WHAT IS NEEDED » Reproduce the records below word for word.

DATA UNDER STUDY »
◇ ◇ ◇ ◇ ◇ ◇ ◇

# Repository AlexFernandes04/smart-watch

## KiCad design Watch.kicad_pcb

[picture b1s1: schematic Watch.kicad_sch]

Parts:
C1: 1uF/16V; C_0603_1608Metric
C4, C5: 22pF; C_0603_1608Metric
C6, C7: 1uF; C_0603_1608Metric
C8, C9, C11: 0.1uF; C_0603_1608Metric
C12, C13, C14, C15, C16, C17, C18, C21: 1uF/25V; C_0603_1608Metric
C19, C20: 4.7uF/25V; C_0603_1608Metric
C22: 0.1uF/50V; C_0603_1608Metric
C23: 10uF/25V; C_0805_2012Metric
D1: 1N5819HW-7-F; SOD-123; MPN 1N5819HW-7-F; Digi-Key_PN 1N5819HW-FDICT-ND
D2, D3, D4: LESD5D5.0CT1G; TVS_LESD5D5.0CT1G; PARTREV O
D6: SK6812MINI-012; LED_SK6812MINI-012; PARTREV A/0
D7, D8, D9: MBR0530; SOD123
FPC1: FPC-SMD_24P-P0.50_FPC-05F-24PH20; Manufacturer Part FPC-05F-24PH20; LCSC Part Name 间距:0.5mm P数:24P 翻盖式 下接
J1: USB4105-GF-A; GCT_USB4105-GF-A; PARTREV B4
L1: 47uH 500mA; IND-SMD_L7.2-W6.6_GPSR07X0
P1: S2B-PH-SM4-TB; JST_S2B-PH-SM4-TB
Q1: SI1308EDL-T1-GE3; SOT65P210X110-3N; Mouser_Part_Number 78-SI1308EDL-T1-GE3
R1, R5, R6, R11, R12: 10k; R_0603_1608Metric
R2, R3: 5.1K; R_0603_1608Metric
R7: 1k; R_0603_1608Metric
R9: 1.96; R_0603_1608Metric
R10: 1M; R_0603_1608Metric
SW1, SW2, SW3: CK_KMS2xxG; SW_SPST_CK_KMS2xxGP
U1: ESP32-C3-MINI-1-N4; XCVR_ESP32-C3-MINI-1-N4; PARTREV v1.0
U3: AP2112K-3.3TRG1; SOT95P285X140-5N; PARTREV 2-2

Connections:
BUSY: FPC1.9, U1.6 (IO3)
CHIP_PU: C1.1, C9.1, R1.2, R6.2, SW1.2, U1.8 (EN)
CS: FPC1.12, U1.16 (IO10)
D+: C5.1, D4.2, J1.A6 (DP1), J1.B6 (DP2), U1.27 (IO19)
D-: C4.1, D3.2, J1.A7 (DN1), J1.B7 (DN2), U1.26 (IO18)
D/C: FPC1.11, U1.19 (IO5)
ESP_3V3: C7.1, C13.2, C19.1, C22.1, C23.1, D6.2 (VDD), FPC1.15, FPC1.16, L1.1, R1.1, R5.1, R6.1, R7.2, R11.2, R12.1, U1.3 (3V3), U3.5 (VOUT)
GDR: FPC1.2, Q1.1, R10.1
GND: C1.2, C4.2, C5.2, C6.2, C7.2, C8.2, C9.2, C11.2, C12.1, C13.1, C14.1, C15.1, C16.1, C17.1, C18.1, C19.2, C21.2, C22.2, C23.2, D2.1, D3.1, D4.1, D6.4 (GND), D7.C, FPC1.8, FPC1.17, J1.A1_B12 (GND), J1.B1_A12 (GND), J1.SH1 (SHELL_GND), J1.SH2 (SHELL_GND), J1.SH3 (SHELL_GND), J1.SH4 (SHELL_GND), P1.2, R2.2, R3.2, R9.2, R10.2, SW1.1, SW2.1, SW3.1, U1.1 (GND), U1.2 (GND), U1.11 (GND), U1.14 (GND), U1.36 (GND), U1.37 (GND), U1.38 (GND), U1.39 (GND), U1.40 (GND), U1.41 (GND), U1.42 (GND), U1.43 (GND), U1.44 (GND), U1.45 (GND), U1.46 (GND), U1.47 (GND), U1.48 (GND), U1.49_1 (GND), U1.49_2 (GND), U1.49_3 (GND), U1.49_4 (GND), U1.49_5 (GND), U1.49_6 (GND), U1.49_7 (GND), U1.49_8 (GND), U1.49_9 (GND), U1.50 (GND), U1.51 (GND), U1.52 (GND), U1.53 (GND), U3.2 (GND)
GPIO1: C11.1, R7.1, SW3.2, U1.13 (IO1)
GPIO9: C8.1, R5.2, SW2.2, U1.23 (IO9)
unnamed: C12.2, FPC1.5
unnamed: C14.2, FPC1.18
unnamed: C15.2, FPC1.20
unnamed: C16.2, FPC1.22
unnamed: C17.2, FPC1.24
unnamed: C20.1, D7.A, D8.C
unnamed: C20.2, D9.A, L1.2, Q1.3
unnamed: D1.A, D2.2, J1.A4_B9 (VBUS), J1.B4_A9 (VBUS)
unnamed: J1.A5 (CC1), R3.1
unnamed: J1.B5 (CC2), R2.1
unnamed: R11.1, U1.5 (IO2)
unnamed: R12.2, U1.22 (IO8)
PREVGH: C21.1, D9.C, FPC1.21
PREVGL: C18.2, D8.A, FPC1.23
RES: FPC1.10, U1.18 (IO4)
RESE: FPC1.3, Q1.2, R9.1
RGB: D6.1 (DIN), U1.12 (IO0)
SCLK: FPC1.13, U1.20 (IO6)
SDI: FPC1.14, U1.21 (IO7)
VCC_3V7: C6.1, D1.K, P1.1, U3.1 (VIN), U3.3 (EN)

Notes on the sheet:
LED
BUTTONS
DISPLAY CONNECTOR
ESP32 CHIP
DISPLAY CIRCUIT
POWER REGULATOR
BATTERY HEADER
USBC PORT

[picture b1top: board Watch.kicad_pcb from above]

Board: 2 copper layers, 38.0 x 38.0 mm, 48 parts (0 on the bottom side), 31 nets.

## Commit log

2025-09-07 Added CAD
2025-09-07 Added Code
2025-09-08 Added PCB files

◇ ◇ ◇ ◇ ◇ ◇ ◇

FINISHED TASK »
# Repository AlexFernandes04/smart-watch

## KiCad design Watch.kicad_pcb

[picture b1s1: schematic Watch.kicad_sch]

Parts:
C1: 1uF/16V; C_0603_1608Metric
C4, C5: 22pF; C_0603_1608Metric
C6, C7: 1uF; C_0603_1608Metric
C8, C9, C11: 0.1uF; C_0603_1608Metric
C12, C13, C14, C15, C16, C17, C18, C21: 1uF/25V; C_0603_1608Metric
C19, C20: 4.7uF/25V; C_0603_1608Metric
C22: 0.1uF/50V; C_0603_1608Metric
C23: 10uF/25V; C_0805_2012Metric
D1: 1N5819HW-7-F; SOD-123; MPN 1N5819HW-7-F; Digi-Key_PN 1N5819HW-FDICT-ND
D2, D3, D4: LESD5D5.0CT1G; TVS_LESD5D5.0CT1G; PARTREV O
D6: SK6812MINI-012; LED_SK6812MINI-012; PARTREV A/0
D7, D8, D9: MBR0530; SOD123
FPC1: FPC-SMD_24P-P0.50_FPC-05F-24PH20; Manufacturer Part FPC-05F-24PH20; LCSC Part Name 间距:0.5mm P数:24P 翻盖式 下接
J1: USB4105-GF-A; GCT_USB4105-GF-A; PARTREV B4
L1: 47uH 500mA; IND-SMD_L7.2-W6.6_GPSR07X0
P1: S2B-PH-SM4-TB; JST_S2B-PH-SM4-TB
Q1: SI1308EDL-T1-GE3; SOT65P210X110-3N; Mouser_Part_Number 78-SI1308EDL-T1-GE3
R1, R5, R6, R11, R12: 10k; R_0603_1608Metric
R2, R3: 5.1K; R_0603_1608Metric
R7: 1k; R_0603_1608Metric
R9: 1.96; R_0603_1608Metric
R10: 1M; R_0603_1608Metric
SW1, SW2, SW3: CK_KMS2xxG; SW_SPST_CK_KMS2xxGP
U1: ESP32-C3-MINI-1-N4; XCVR_ESP32-C3-MINI-1-N4; PARTREV v1.0
U3: AP2112K-3.3TRG1; SOT95P285X140-5N; PARTREV 2-2

Connections:
BUSY: FPC1.9, U1.6 (IO3)
CHIP_PU: C1.1, C9.1, R1.2, R6.2, SW1.2, U1.8 (EN)
CS: FPC1.12, U1.16 (IO10)
D+: C5.1, D4.2, J1.A6 (DP1), J1.B6 (DP2), U1.27 (IO19)
D-: C4.1, D3.2, J1.A7 (DN1), J1.B7 (DN2), U1.26 (IO18)
D/C: FPC1.11, U1.19 (IO5)
ESP_3V3: C7.1, C13.2, C19.1, C22.1, C23.1, D6.2 (VDD), FPC1.15, FPC1.16, L1.1, R1.1, R5.1, R6.1, R7.2, R11.2, R12.1, U1.3 (3V3), U3.5 (VOUT)
GDR: FPC1.2, Q1.1, R10.1
GND: C1.2, C4.2, C5.2, C6.2, C7.2, C8.2, C9.2, C11.2, C12.1, C13.1, C14.1, C15.1, C16.1, C17.1, C18.1, C19.2, C21.2, C22.2, C23.2, D2.1, D3.1, D4.1, D6.4 (GND), D7.C, FPC1.8, FPC1.17, J1.A1_B12 (GND), J1.B1_A12 (GND), J1.SH1 (SHELL_GND), J1.SH2 (SHELL_GND), J1.SH3 (SHELL_GND), J1.SH4 (SHELL_GND), P1.2, R2.2, R3.2, R9.2, R10.2, SW1.1, SW2.1, SW3.1, U1.1 (GND), U1.2 (GND), U1.11 (GND), U1.14 (GND), U1.36 (GND), U1.37 (GND), U1.38 (GND), U1.39 (GND), U1.40 (GND), U1.41 (GND), U1.42 (GND), U1.43 (GND), U1.44 (GND), U1.45 (GND), U1.46 (GND), U1.47 (GND), U1.48 (GND), U1.49_1 (GND), U1.49_2 (GND), U1.49_3 (GND), U1.49_4 (GND), U1.49_5 (GND), U1.49_6 (GND), U1.49_7 (GND), U1.49_8 (GND), U1.49_9 (GND), U1.50 (GND), U1.51 (GND), U1.52 (GND), U1.53 (GND), U3.2 (GND)
GPIO1: C11.1, R7.1, SW3.2, U1.13 (IO1)
GPIO9: C8.1, R5.2, SW2.2, U1.23 (IO9)
unnamed: C12.2, FPC1.5
unnamed: C14.2, FPC1.18
unnamed: C15.2, FPC1.20
unnamed: C16.2, FPC1.22
unnamed: C17.2, FPC1.24
unnamed: C20.1, D7.A, D8.C
unnamed: C20.2, D9.A, L1.2, Q1.3
unnamed: D1.A, D2.2, J1.A4_B9 (VBUS), J1.B4_A9 (VBUS)
unnamed: J1.A5 (CC1), R3.1
unnamed: J1.B5 (CC2), R2.1
unnamed: R11.1, U1.5 (IO2)
unnamed: R12.2, U1.22 (IO8)
PREVGH: C21.1, D9.C, FPC1.21
PREVGL: C18.2, D8.A, FPC1.23
RES: FPC1.10, U1.18 (IO4)
RESE: FPC1.3, Q1.2, R9.1
RGB: D6.1 (DIN), U1.12 (IO0)
SCLK: FPC1.13, U1.20 (IO6)
SDI: FPC1.14, U1.21 (IO7)
VCC_3V7: C6.1, D1.K, P1.1, U3.1 (VIN), U3.3 (EN)

Notes on the sheet:
LED
BUTTONS
DISPLAY CONNECTOR
ESP32 CHIP
DISPLAY CIRCUIT
POWER REGULATOR
BATTERY HEADER
USBC PORT

[picture b1top: board Watch.kicad_pcb from above]

Board: 2 copper layers, 38.0 x 38.0 mm, 48 parts (0 on the bottom side), 31 nets.

## Commit log

2025-09-07 Added CAD
2025-09-07 Added Code
2025-09-08 Added PCB files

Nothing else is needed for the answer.